By Nancy Marshall, The PR Maven®

What is a brand? I can tell you what it’s not.

It’s not a company’s logo or a company’s tagline. It’s not the golden arches or the Nike swoosh. It’s not the Michelin man or the Big Green Monster.It’s actually the way that customers and the public think and feel about a company, a product, an organization or even a person. It’s a visceral feeling, like the feeling of being in love. Some businesses have cultivated such a strong brand attachment with their customers that the relationship is like a romance. Think of people who own Harley Davidson motorcycles. They are so in love with their bikes that they are willing to tattoo the logo on their bodies. When you think about Harley, you think about “riding on the open road, wild and free.” If you own a Harley, you think of the brand as part of your DNA.

Sugarloaf has cultivated the same kind of brand loyalty with its guests. People are proud to call themselves “Sugarloafers,” and there is a cult following of skiers and snowboarders who identify with the mountain as an indispensable part of their lives.

As individuals, we seek to build personal brands with personal and professional networks who will support us throughout our careers. In today’s business world you have a personal brand, whether you know it or not. People can get a pretty good idea of who you are and who you’re connected to by doing a Google search online.

When I meet someone new, I inevitably Google their name and see how they show up on websites and on social media. Have you ever Googled your own name? It might be a good idea so you can see what shows up when other people are searching for information about you. Consider setting up a Google news alert so you receive an email every time your name appears on the Internet. Go to and set it up for free. If you haven’t already started, now’s the time to start thinking about how you manage and communicate your personal brand.

Personal branding is all about defining your own unique story and what differentiates you from others in your field, then making sure you connect with the people who may want to buy your products and services. The more connections you have in your network, the stronger your personal brand will be. This will benefit you when you are trying to sell products or services, seeking out a job reference, or looking for support of a fundraising campaign or political campaign. The stronger your personal network, the stronger your reputation will be and the more successful you will be. In my opinion, a stronger network leads to a happier life.

Earlier this year, I became certified as a personal brand strategist through New York-based Reach Personal Branding, founded by William Arruda, the father of personal branding. The reason I went through this certification program was because I saw the need for my clients to communicate what makes them special and unique, particularly on the Internet. Today, I work with executives, authors, celebrities and athletes to help them define and communicate their personal brand. You can do this yourself.

Start by asking yourself these questions:

  • If someone is looking to buy what I have to sell, can they easily and quickly find me online?
  • Is there information on websites and social media that clearly differentiates me from the competition?
  • Do I have a personal brand that is compelling and attractive to my targeted audiences?
  • Do I have a large group of followers, friends and fans, who know, like and trust me, and who help spread positive word of mouth about what I am selling?
  • What am I doing on a daily basis to help others in my personal network ?
  • Do I and my products or services show up on more than one website if someone Googles me? Do I have a website in addition to a LinkedIn profile, as well as Facebook, Twitter or Instagram accounts?

Thinking of yourself as a brand may be a new way of thinking for you, but it’s vital in your personal and professional life so the right people know what you are doing and how they can help you. They also need to know that you care about them. That’s what professional networking is all about: connecting with the right people who will talk about you to others, and who know that you will help carry their message to the right people.

Your brand is a promise you make to deliver on your unique value proposition. If you are true to your brand, then others will be more likely to trust you—it is vital that your brand is authentic. If they don’t trust you, they won’t do business with you. Without trust, there can be no business relationship.

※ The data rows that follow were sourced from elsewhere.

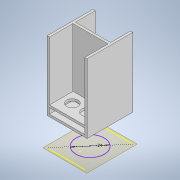
# Autodesk Inventor part: Tclamp_enclosure
Saved by Autodesk Inventor 2022 (Build 260153000, 153)
## iProperties
Created: 2022-06-07
Part Number: Tclamp_enclosure
Material: Generic
Document SubType Name: Modeling
Designer: tecware
Density: 1 g/cm^3
Appearance: Default
Author: tecware
## iProperties of the stored document Tclamp_enclosure_3DPrint.ipt
Created: 2022-06-07
Part Number: Tclamp_enclosure_3DPrint
Material: Generic
Document SubType Name: Modeling
Designer: tecware
Density: 1 g/cm^3
Appearance: Default
Author: tecware
Autodesk Inventor part; units mm, degrees
ref_plane "YZ Plane" through (0, 0, 0) normal (1, 0, 0) x (0, 1, 0)
ref_plane "XY Plane" through (0, 0, 0) normal (0, 0, 1) x (1, 0, 0)
ref_plane "bottom of connector plate" through (0, -2, 0) normal (0, 1, 0) x (-1, 0, 0)
sketch "Sketch1" plane through (0, 0, 0) normal (0, 1, 0) x (-1, 0, 0)
  line L0 (17, -11) -> (-17, -11)
  line L1 (-17, -11) -> (-17, 11)
  line L2 (-17, 11) -> (17, 11)
  line L3 (17, 11) -> (17, -11)
  line L4 (17, -11) -> (-17, 11) construction
  line L5 (-17, -11) -> (17, 11) construction
  line L6 (15, -9) -> (-15, -9)
  line L7 (-15, -9) -> (-15, 9)
  line L8 (-15, 9) -> (15, 9)
  line L9 (15, 9) -> (15, -9)
  line L10 (15, -9) -> (-15, 9) construction
  line L11 (-15, -9) -> (15, 9) construction
  line L12 (17, -11) -> (-17, -11)
  line L13 (-17, -11) -> (-17, -28)
  line L14 (-17, -28) -> (17, -28)
  line L15 (17, -28) -> (17, -11)
  line L16 (15, -11) -> (-15, -11)
  line L17 (-15, -11) -> (-15, -26)
  line L18 (-15, -26) -> (15, -26)
  line L19 (15, -26) -> (15, -11)
  line L20 (15, 9) -> (15, 11)
  line L21 (-15, 9) -> (-15, 11)
  line L22 (-15, -26) -> (-15, -28)
  line L23 (15, -26) -> (15, -28)
  line L24 (15, -9) -> (17, -9)
  line L25 (-15, -9) -> (-17, -9)
  point P0 (0, 0)
  dimension "d0" = 34
  dimension "d1" = 22
  dimension "d2" = 30
  dimension "d3" = 18
  dimension "d5" = 17
  dimension "d6" = 15
  constraints: 52 end point, 10 point on line, 4 midpoint
  measures "d0" distance of L1.end L2.end
  measures "d1" distance of L0.end L1.end
  measures "d2" distance of L7.end L8.end
  measures "d3" distance of L6.end L7.end
  measures "d5" distance of L13.end L12.end
  measures "d6" distance of L17.end L16.end
extrude "top" add sketch "Sketch1" along normal blind 50 contours L15 L14 L23 L19 L0 | L0 L1 L25 L6 L24 L3 | L24 L9 L20 L2 L3 | L17 L22 L14 L13 L0 | L25 L1 L2 L21 L7
sketch "Sketch2" plane through (0, 0, 0) normal (0, 1, 0) x (-1, 0, 0)
  line L0 (17, -28) -> (17, 11) projected
  line L1 (-17, 11) -> (-17, -28) projected
  line L2 (17, 11) -> (-17, 11)
  line L3 (-17, 11) -> (-17, -28)
  line L4 (-17, -28) -> (17, -28)
  line L5 (17, -28) -> (17, 11)
  line L6 (-15, -11) -> (15, -11)
  line L7 (15, -26) -> (-15, -26)
  line L8 (15, -11) -> (-15, -11)
  line L9 (-15, -11) -> (-15, -26)
  line L10 (-15, -26) -> (15, -26)
  line L11 (15, -26) -> (15, -11)
  line L12 (15, 11) -> (15, -9)
  line L13 (-15, -9) -> (-15, 11)
  line L14 (15, -9) -> (-15, -9)
  line L15 (-15, -9) -> (-15, 11)
  line L16 (-15, 11) -> (15, 11)
  line L17 (15, 11) -> (15, -9)
  circle A0 centre (6.5, 0) radius 4.8
  circle A1 centre (-6.5, 0.1042) radius 4.8
  line L18 (6.5, 0) -> (0, 0) construction
  line L19 (-15, -26) -> (-15, -28)
  line L20 (15, -26) -> (15, -28)
  point P0 (17, -9)
  point P1 (-17, -9)
  dimension "d10" = 9.6
  dimension "d11" = 9.6
  dimension "d12" = 13
  dimension "d13" = 6.5
  constraints: 38 end point, 2 centre point, 2 point on line
  measures "d10" diameter of A0
  measures "d11" diameter of A1
  measures "d12" horizontal distance of A1.centre L18.start
  measures "d13" distance of L18.start L18.end
extrude "plate" add sketch "Sketch2" against normal blind 2 contours L4 L20 L11 L6 L9 L19 L1 L2 L13 L14 L12 L0 | L12 L14 L13 L2
sketch "Sketch3" plane through (0, -2, 0) normal (0, 1, 0) x (-1, 0, 0)
  line L0 (17, 11) -> (17, -28)
  line L1 (17, -28) -> (-17, -28)
  line L2 (17, 11) -> (-17, 11)
  line L3 (-17, 11) -> (-17, -28)
  line L4 (-17, -28) -> (17, -28)
  line L5 (17, -28) -> (17, 11)
  line L6 (-15, -26) -> (15, -26)
  line L7 (15, 11) -> (15, -9)
  line L8 (-15, -26) -> (15, -26)
  line L9 (15, -26) -> (15, 9)
  line L10 (15, 9) -> (-15, 9)
  line L11 (-15, 9) -> (-15, -26)
  line L12 (15, 11) -> (15, -9)
  line L13 (15, 9) -> (15, 11)
  line L14 (-15, -9) -> (-15, 11)
  line L15 (-15, 9) -> (-15, 11)
  line L16 (-15, -11) -> (15, -11) projected
  line L17 (17, -9) -> (-17, -9)
  line L18 (15, -11) -> (-15, -11)
  line L19 (-15, -11) -> (-15, -9)
  line L20 (-15, -9) -> (15, -9)
  line L21 (15, -9) -> (15, -11)
  line L22 (-15, -26) -> (-15, -28)
  line L23 (15, -26) -> (15, -28)
  point P0 (0, 0)
  point P1 (15, -26)
  dimension "d17" = 35
  constraints: 46 end point, 3 point on line
  measures "d17" distance of L9.end L8.end
extrude "base" add sketch "Sketch3" against normal blind 4.75 contours L0 L17 L7 L2 | L0 L1 L23 L9 L17 | L9 L16 L11 L17 | L14 L11 L17 L3 L2 | L11 L22 L1 L3 L17
sketch "Sketch6" plane through (-15, -8.75, -9) normal (0, 0, 1) x (1, 0, 0)
  line L0 (30, 2) -> (30, 58.75) projected
  line L1 (30, 2) -> (27, 2)
  line L2 (27, 2) -> (27, 5)
  line L3 (27, 5) -> (30, 5)
  line L4 (30, 5) -> (30, 2)
  line L5 (16.5, 5) -> (16.5, 2)
  line L6 (13.5, 5) -> (13.5, 2)
  line L7 (13.5, 5) -> (16.5, 5)
  line L8 (16.5, 2) -> (13.5, 2)
  point P0 (15, 8.75)
  dimension "d23" = 3
  dimension "d24" = 3
  constraints: 16 end point
  measures "d23" distance of L2.end L3.end
  measures "d24" distance of L1.end L2.end
extrude "Extrusion4" cut sketch "Sketch6" against normal blind 2
sketch "Sketch5" plane through (0, -6.75, 0) normal (0, 1, 0) x (-1, 0, 0)
  line L0 (-17, -28) -> (17, -28)
  line L1 (17, 11) -> (-17, 11)
  line L2 (-17, 11) -> (-17, -28)
  line L3 (-17, -28) -> (17, -28)
  line L4 (17, -28) -> (17, 11)
  constraints: 10 end point
extrude "Extrusion5" add sketch "Sketch5" against normal blind 2
ref_plane "Work Plane4" through (0, -32.5, 0) normal (0, 1, 0) x (-1, 0, 0)
sketch "Sketch4" plane through (0, -32.5, 0) normal (0, 1, 0) x (-1, 0, 0)
  line L0 (-15, 11) -> (15, 11) projected
  line L1 (-17, -28) -> (17, -28) projected
  line L2 (17, 11) -> (-17, -28) construction
  circle A0 centre (0, -8.5) radius 12
  point P0 (0, 0)
  dimension "d22" = 24
  constraints: 2 end point, 1 centre point
  measures "d22" diameter of A0
body "Solid1"

As more and more people recognize and connect with your brand it grows stronger and gains brand equity. This brand equity is your most valuable asset as you build your professional career, and in my view, it adds to personal happiness in life.

A brand is a promise that you make to your family, friends, customers, clients, peers and everyone you meet. It is the reason they like you and the reason people trust you. It helps you build your personal network of people who will be there for you when you need them, throughout your lifetime.

Your brand must be rooted in authenticity. You need to be yourself. When I was a girl, I went to a summer camp in New Hampshire for eight summers whose motto was “My own self, at my very best, all the time.”

I challenge you to define what is your “own best self,” and connect with others who are interested in helping you build your network and communicate your unique promise of value, all the time. They will be interested, because you are always there for them to help them build their own network, all the time.